*Aim of the task*. Take the data below and extract the lines from the one with "FILE_DESCRIPTION(('STEP AP214'),'2;1');" to the one with "#4=PRODUCT('Part','Part','',(#3));", inclusive, exactly as written.

======== Extracted material

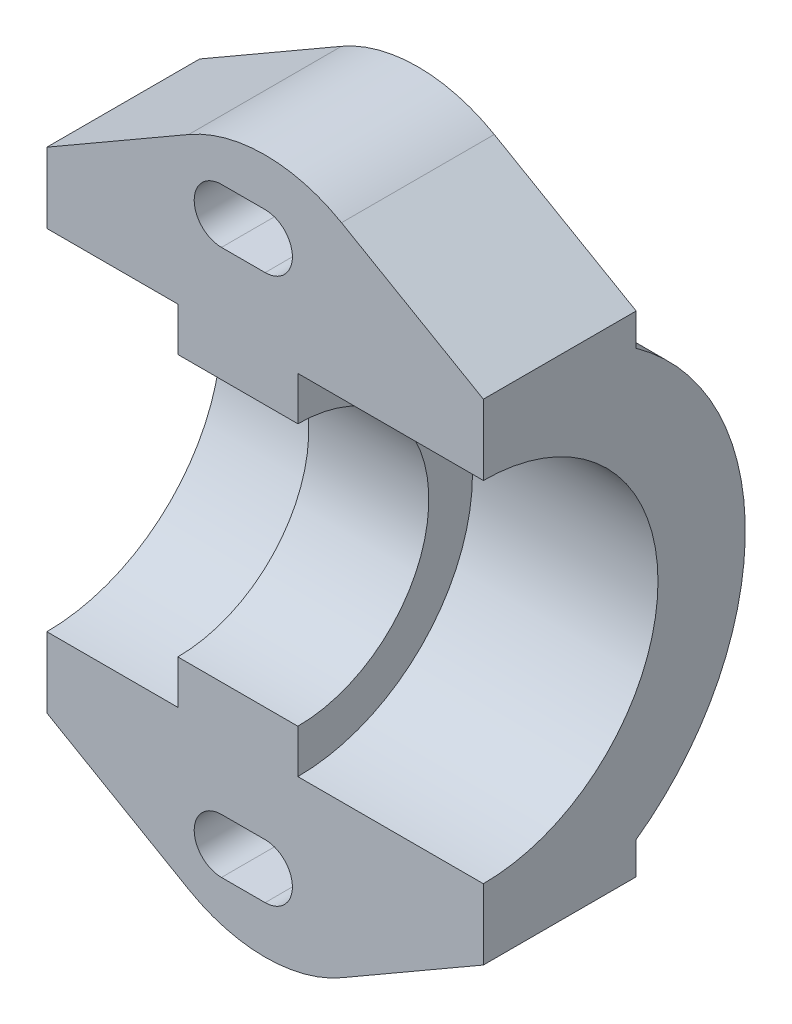
ISO-10303-21;
HEADER;
FILE_DESCRIPTION(('STEP AP214'),'2;1');
FILE_NAME('part.step','',(''),(''),'','','');
FILE_SCHEMA(('AUTOMOTIVE_DESIGN { 1 0 10303 214 1 1 1 1 }'));
ENDSEC;
DATA;
#1=APPLICATION_CONTEXT('core data for automotive mechanical design processes');
#2=APPLICATION_PROTOCOL_DEFINITION('international standard','automotive_design',2000,#1);
#3=PRODUCT_CONTEXT('',#1,'mechanical');
#4=PRODUCT('Part','Part','',(#3));
#5=PRODUCT_RELATED_PRODUCT_CATEGORY('part','',(#4));
#6=PRODUCT_DEFINITION_FORMATION('','',#4);
#7=PRODUCT_DEFINITION_CONTEXT('part definition',#1,'design');
#8=PRODUCT_DEFINITION('design','',#6,#7);
#9=PRODUCT_DEFINITION_SHAPE('','',#8);
#10=(LENGTH_UNIT() NAMED_UNIT(*) SI_UNIT(.MILLI.,.METRE.));
#11=(NAMED_UNIT(*) PLANE_ANGLE_UNIT() SI_UNIT($,.RADIAN.));
#12=(NAMED_UNIT(*) SI_UNIT($,.STERADIAN.) SOLID_ANGLE_UNIT());
#13=UNCERTAINTY_MEASURE_WITH_UNIT(LENGTH_MEASURE(1.E-05),#10,'distance_accuracy_value','');
#14=(GEOMETRIC_REPRESENTATION_CONTEXT(3) GLOBAL_UNCERTAINTY_ASSIGNED_CONTEXT((#13)) GLOBAL_UNIT_ASSIGNED_CONTEXT((#10,
#11,#12)) REPRESENTATION_CONTEXT('',''));
#15=CARTESIAN_POINT('',(0.,0.,0.));
#16=DIRECTION('',(0.,0.,1.));
#17=DIRECTION('',(1.,0.,0.));
#18=AXIS2_PLACEMENT_3D('',#15,#16,#17);
#19=CARTESIAN_POINT('',(0.,0.,0.));
#20=DIRECTION('',(-1.,0.,0.));
#21=DIRECTION('',(0.,0.,1.));
#22=AXIS2_PLACEMENT_3D('',#19,#20,#21);
#23=CYLINDRICAL_SURFACE('',#22,12.);
#24=CARTESIAN_POINT('',(20.,0.,0.));
#25=DIRECTION('',(-1.,0.,0.));
#26=DIRECTION('',(0.,0.,1.));
#27=AXIS2_PLACEMENT_3D('',#24,#25,#26);
#28=CIRCLE('',#27,12.);
#29=CARTESIAN_POINT('',(20.,9.74679434480896,-7.));
#30=VERTEX_POINT('',#29);
#31=CARTESIAN_POINT('',(20.,-9.74679434480897,-7.));
#32=VERTEX_POINT('',#31);
#33=EDGE_CURVE('E305',#30,#32,#28,.T.);
#34=ORIENTED_EDGE('',*,*,#33,.T.);
#35=DIRECTION('',(-1.,0.,0.));
#36=VECTOR('',#35,1.);
#37=CARTESIAN_POINT('',(0.,-9.74679434480897,-7.));
#38=LINE('',#37,#36);
#39=CARTESIAN_POINT('',(0.,-9.74679434480897,-7.));
#40=VERTEX_POINT('',#39);
#41=EDGE_CURVE('E254',#32,#40,#38,.T.);
#42=ORIENTED_EDGE('',*,*,#41,.T.);
#43=CARTESIAN_POINT('',(0.,0.,0.));
#44=DIRECTION('',(-1.,0.,0.));
#45=DIRECTION('',(0.,0.,1.));
#46=AXIS2_PLACEMENT_3D('',#43,#44,#45);
#47=CIRCLE('',#46,12.);
#48=CARTESIAN_POINT('',(0.,9.74679434480896,-7.));
#49=VERTEX_POINT('',#48);
#50=EDGE_CURVE('E302',#49,#40,#47,.T.);
#51=ORIENTED_EDGE('',*,*,#50,.F.);
#52=DIRECTION('',(-1.,0.,0.));
#53=VECTOR('',#52,1.);
#54=CARTESIAN_POINT('',(0.,9.74679434480897,-7.));
#55=LINE('',#54,#53);
#56=EDGE_CURVE('E321',#49,#30,#55,.F.);
#57=ORIENTED_EDGE('',*,*,#56,.T.);
#58=EDGE_LOOP('',(#34,#42,#51,#57));
#59=FACE_BOUND('',#58,.T.);
#60=ADVANCED_FACE('F35',(#59),#23,.T.);
#61=CARTESIAN_POINT('',(0.,12.,0.));
#62=DIRECTION('',(-1.,0.,0.));
#63=DIRECTION('',(0.,0.,1.));
#64=AXIS2_PLACEMENT_3D('',#61,#62,#63);
#65=PLANE('',#64);
#66=DIRECTION('',(0.,1.,0.));
#67=VECTOR('',#66,1.);
#68=CARTESIAN_POINT('',(0.,12.,0.));
#69=LINE('',#68,#67);
#70=CARTESIAN_POINT('',(0.,8.,0.));
#71=VERTEX_POINT('',#70);
#72=CARTESIAN_POINT('',(0.,11.2264973081037,0.));
#73=VERTEX_POINT('',#72);
#74=EDGE_CURVE('E282',#71,#73,#69,.T.);
#75=ORIENTED_EDGE('',*,*,#74,.T.);
#76=DIRECTION('',(0.,0.,-1.));
#77=VECTOR('',#76,1.);
#78=CARTESIAN_POINT('',(0.,11.2264973081037,0.));
#79=LINE('',#78,#77);
#80=CARTESIAN_POINT('',(0.,11.2264973081037,-7.));
#81=VERTEX_POINT('',#80);
#82=EDGE_CURVE('E361',#73,#81,#79,.T.);
#83=ORIENTED_EDGE('',*,*,#82,.T.);
#84=DIRECTION('',(0.,-1.,0.));
#85=VECTOR('',#84,1.);
#86=CARTESIAN_POINT('',(0.,8.,-7.));
#87=LINE('',#86,#85);
#88=EDGE_CURVE('E260',#81,#49,#87,.T.);
#89=ORIENTED_EDGE('',*,*,#88,.T.);
#90=ORIENTED_EDGE('',*,*,#50,.T.);
#91=DIRECTION('',(0.,-1.,0.));
#92=VECTOR('',#91,1.);
#93=CARTESIAN_POINT('',(0.,-8.,-7.));
#94=LINE('',#93,#92);
#95=CARTESIAN_POINT('',(0.,-11.2264973081037,-7.));
#96=VERTEX_POINT('',#95);
#97=EDGE_CURVE('E251',#40,#96,#94,.T.);
#98=ORIENTED_EDGE('',*,*,#97,.T.);
#99=DIRECTION('',(0.,0.,1.));
#100=VECTOR('',#99,1.);
#101=CARTESIAN_POINT('',(0.,-11.2264973081037,0.));
#102=LINE('',#101,#100);
#103=CARTESIAN_POINT('',(0.,-11.2264973081037,0.));
#104=VERTEX_POINT('',#103);
#105=EDGE_CURVE('E344',#96,#104,#102,.T.);
#106=ORIENTED_EDGE('',*,*,#105,.T.);
#107=DIRECTION('',(0.,-1.,0.));
#108=VECTOR('',#107,1.);
#109=CARTESIAN_POINT('',(0.,-12.,0.));
#110=LINE('',#109,#108);
#111=CARTESIAN_POINT('',(0.,-8.,0.));
#112=VERTEX_POINT('',#111);
#113=EDGE_CURVE('E262',#112,#104,#110,.T.);
#114=ORIENTED_EDGE('',*,*,#113,.F.);
#115=CARTESIAN_POINT('',(0.,0.,0.));
#116=DIRECTION('',(-1.,0.,0.));
#117=DIRECTION('',(0.,0.,1.));
#118=AXIS2_PLACEMENT_3D('',#115,#116,#117);
#119=CIRCLE('',#118,8.);
#120=EDGE_CURVE('E319',#71,#112,#119,.T.);
#121=ORIENTED_EDGE('',*,*,#120,.F.);
#122=EDGE_LOOP('',(#75,#83,#89,#90,#98,#106,#114,#121));
#123=FACE_BOUND('',#122,.T.);
#124=ADVANCED_FACE('F398',(#123),#65,.T.);
#125=CARTESIAN_POINT('',(0.,0.,0.));
#126=DIRECTION('',(-1.,0.,0.));
#127=DIRECTION('',(0.,0.,1.));
#128=AXIS2_PLACEMENT_3D('',#125,#126,#127);
#129=CYLINDRICAL_SURFACE('',#128,8.);
#130=CARTESIAN_POINT('',(6.,0.,0.));
#131=DIRECTION('',(-1.,0.,0.));
#132=DIRECTION('',(0.,0.,1.));
#133=AXIS2_PLACEMENT_3D('',#130,#131,#132);
#134=CIRCLE('',#133,8.);
#135=CARTESIAN_POINT('',(6.,8.,0.));
#136=VERTEX_POINT('',#135);
#137=CARTESIAN_POINT('',(6.,-8.,0.));
#138=VERTEX_POINT('',#137);
#139=EDGE_CURVE('E317',#136,#138,#134,.T.);
#140=ORIENTED_EDGE('',*,*,#139,.F.);
#141=DIRECTION('',(-1.,0.,0.));
#142=VECTOR('',#141,1.);
#143=CARTESIAN_POINT('',(0.,8.,0.));
#144=LINE('',#143,#142);
#145=EDGE_CURVE('E299',#136,#71,#144,.T.);
#146=ORIENTED_EDGE('',*,*,#145,.T.);
#147=ORIENTED_EDGE('',*,*,#120,.T.);
#148=DIRECTION('',(-1.,0.,0.));
#149=VECTOR('',#148,1.);
#150=CARTESIAN_POINT('',(0.,-8.,0.));
#151=LINE('',#150,#149);
#152=EDGE_CURVE('E279',#138,#112,#151,.T.);
#153=ORIENTED_EDGE('',*,*,#152,.F.);
#154=EDGE_LOOP('',(#140,#146,#147,#153));
#155=FACE_BOUND('',#154,.T.);
#156=ADVANCED_FACE('F446',(#155),#129,.F.);
#157=CARTESIAN_POINT('',(6.,8.,0.));
#158=DIRECTION('',(-1.,0.,0.));
#159=DIRECTION('',(0.,0.,1.));
#160=AXIS2_PLACEMENT_3D('',#157,#158,#159);
#161=PLANE('',#160);
#162=CARTESIAN_POINT('',(6.,0.,0.));
#163=DIRECTION('',(-1.,0.,0.));
#164=DIRECTION('',(0.,0.,1.));
#165=AXIS2_PLACEMENT_3D('',#162,#163,#164);
#166=CIRCLE('',#165,6.);
#167=CARTESIAN_POINT('',(6.,6.,0.));
#168=VERTEX_POINT('',#167);
#169=CARTESIAN_POINT('',(6.,-6.,0.));
#170=VERTEX_POINT('',#169);
#171=EDGE_CURVE('E315',#168,#170,#166,.T.);
#172=ORIENTED_EDGE('',*,*,#171,.F.);
#173=DIRECTION('',(0.,1.,0.));
#174=VECTOR('',#173,1.);
#175=CARTESIAN_POINT('',(6.,8.,0.));
#176=LINE('',#175,#174);
#177=EDGE_CURVE('E296',#168,#136,#176,.T.);
#178=ORIENTED_EDGE('',*,*,#177,.T.);
#179=ORIENTED_EDGE('',*,*,#139,.T.);
#180=DIRECTION('',(0.,-1.,0.));
#181=VECTOR('',#180,1.);
#182=CARTESIAN_POINT('',(6.,-8.,0.));
#183=LINE('',#182,#181);
#184=EDGE_CURVE('E276',#170,#138,#183,.T.);
#185=ORIENTED_EDGE('',*,*,#184,.F.);
#186=EDGE_LOOP('',(#172,#178,#179,#185));
#187=FACE_BOUND('',#186,.T.);
#188=ADVANCED_FACE('F443',(#187),#161,.T.);
#189=CARTESIAN_POINT('',(0.,0.,0.));
#190=DIRECTION('',(-1.,0.,0.));
#191=DIRECTION('',(0.,0.,1.));
#192=AXIS2_PLACEMENT_3D('',#189,#190,#191);
#193=CYLINDRICAL_SURFACE('',#192,6.);
#194=CARTESIAN_POINT('',(11.5,0.,0.));
#195=DIRECTION('',(-1.,0.,0.));
#196=DIRECTION('',(0.,0.,1.));
#197=AXIS2_PLACEMENT_3D('',#194,#195,#196);
#198=CIRCLE('',#197,6.);
#199=CARTESIAN_POINT('',(11.5,6.,0.));
#200=VERTEX_POINT('',#199);
#201=CARTESIAN_POINT('',(11.5,-6.,0.));
#202=VERTEX_POINT('',#201);
#203=EDGE_CURVE('E313',#200,#202,#198,.T.);
#204=ORIENTED_EDGE('',*,*,#203,.F.);
#205=DIRECTION('',(-1.,0.,0.));
#206=VECTOR('',#205,1.);
#207=CARTESIAN_POINT('',(6.,6.,0.));
#208=LINE('',#207,#206);
#209=EDGE_CURVE('E293',#200,#168,#208,.T.);
#210=ORIENTED_EDGE('',*,*,#209,.T.);
#211=ORIENTED_EDGE('',*,*,#171,.T.);
#212=DIRECTION('',(-1.,0.,0.));
#213=VECTOR('',#212,1.);
#214=CARTESIAN_POINT('',(6.,-6.,0.));
#215=LINE('',#214,#213);
#216=EDGE_CURVE('E273',#202,#170,#215,.T.);
#217=ORIENTED_EDGE('',*,*,#216,.F.);
#218=EDGE_LOOP('',(#204,#210,#211,#217));
#219=FACE_BOUND('',#218,.T.);
#220=ADVANCED_FACE('F438',(#219),#193,.F.);
#221=CARTESIAN_POINT('',(11.5,6.,0.));
#222=DIRECTION('',(1.,0.,0.));
#223=DIRECTION('',(0.,0.,-1.));
#224=AXIS2_PLACEMENT_3D('',#221,#222,#223);
#225=PLANE('',#224);
#226=CARTESIAN_POINT('',(11.5,0.,0.));
#227=DIRECTION('',(-1.,0.,0.));
#228=DIRECTION('',(0.,0.,1.));
#229=AXIS2_PLACEMENT_3D('',#226,#227,#228);
#230=CIRCLE('',#229,8.);
#231=CARTESIAN_POINT('',(11.5,8.,0.));
#232=VERTEX_POINT('',#231);
#233=CARTESIAN_POINT('',(11.5,-8.,0.));
#234=VERTEX_POINT('',#233);
#235=EDGE_CURVE('E311',#232,#234,#230,.T.);
#236=ORIENTED_EDGE('',*,*,#235,.F.);
#237=DIRECTION('',(0.,-1.,0.));
#238=VECTOR('',#237,1.);
#239=CARTESIAN_POINT('',(11.5,6.,0.));
#240=LINE('',#239,#238);
#241=EDGE_CURVE('E290',#232,#200,#240,.T.);
#242=ORIENTED_EDGE('',*,*,#241,.T.);
#243=ORIENTED_EDGE('',*,*,#203,.T.);
#244=DIRECTION('',(0.,1.,0.));
#245=VECTOR('',#244,1.);
#246=CARTESIAN_POINT('',(11.5,-6.,0.));
#247=LINE('',#246,#245);
#248=EDGE_CURVE('E270',#234,#202,#247,.T.);
#249=ORIENTED_EDGE('',*,*,#248,.F.);
#250=EDGE_LOOP('',(#236,#242,#243,#249));
#251=FACE_BOUND('',#250,.T.);
#252=ADVANCED_FACE('F434',(#251),#225,.T.);
#253=CARTESIAN_POINT('',(0.,0.,0.));
#254=DIRECTION('',(-1.,0.,0.));
#255=DIRECTION('',(0.,0.,1.));
#256=AXIS2_PLACEMENT_3D('',#253,#254,#255);
#257=CYLINDRICAL_SURFACE('',#256,8.);
#258=CARTESIAN_POINT('',(20.,0.,0.));
#259=DIRECTION('',(-1.,0.,0.));
#260=DIRECTION('',(0.,0.,1.));
#261=AXIS2_PLACEMENT_3D('',#258,#259,#260);
#262=CIRCLE('',#261,8.);
#263=CARTESIAN_POINT('',(20.,8.,0.));
#264=VERTEX_POINT('',#263);
#265=CARTESIAN_POINT('',(20.,-8.,0.));
#266=VERTEX_POINT('',#265);
#267=EDGE_CURVE('E308',#264,#266,#262,.T.);
#268=ORIENTED_EDGE('',*,*,#267,.F.);
#269=DIRECTION('',(-1.,0.,0.));
#270=VECTOR('',#269,1.);
#271=CARTESIAN_POINT('',(11.5,8.,0.));
#272=LINE('',#271,#270);
#273=EDGE_CURVE('E287',#264,#232,#272,.T.);
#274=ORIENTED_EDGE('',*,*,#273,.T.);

================

*Solution*.
FILE_DESCRIPTION(('STEP AP214'),'2;1');
FILE_NAME('part.step','',(''),(''),'','','');
FILE_SCHEMA(('AUTOMOTIVE_DESIGN { 1 0 10303 214 1 1 1 1 }'));
ENDSEC;
DATA;
#1=APPLICATION_CONTEXT('core data for automotive mechanical design processes');
#2=APPLICATION_PROTOCOL_DEFINITION('international standard','automotive_design',2000,#1);
#3=PRODUCT_CONTEXT('',#1,'mechanical');
#4=PRODUCT('Part','Part','',(#3));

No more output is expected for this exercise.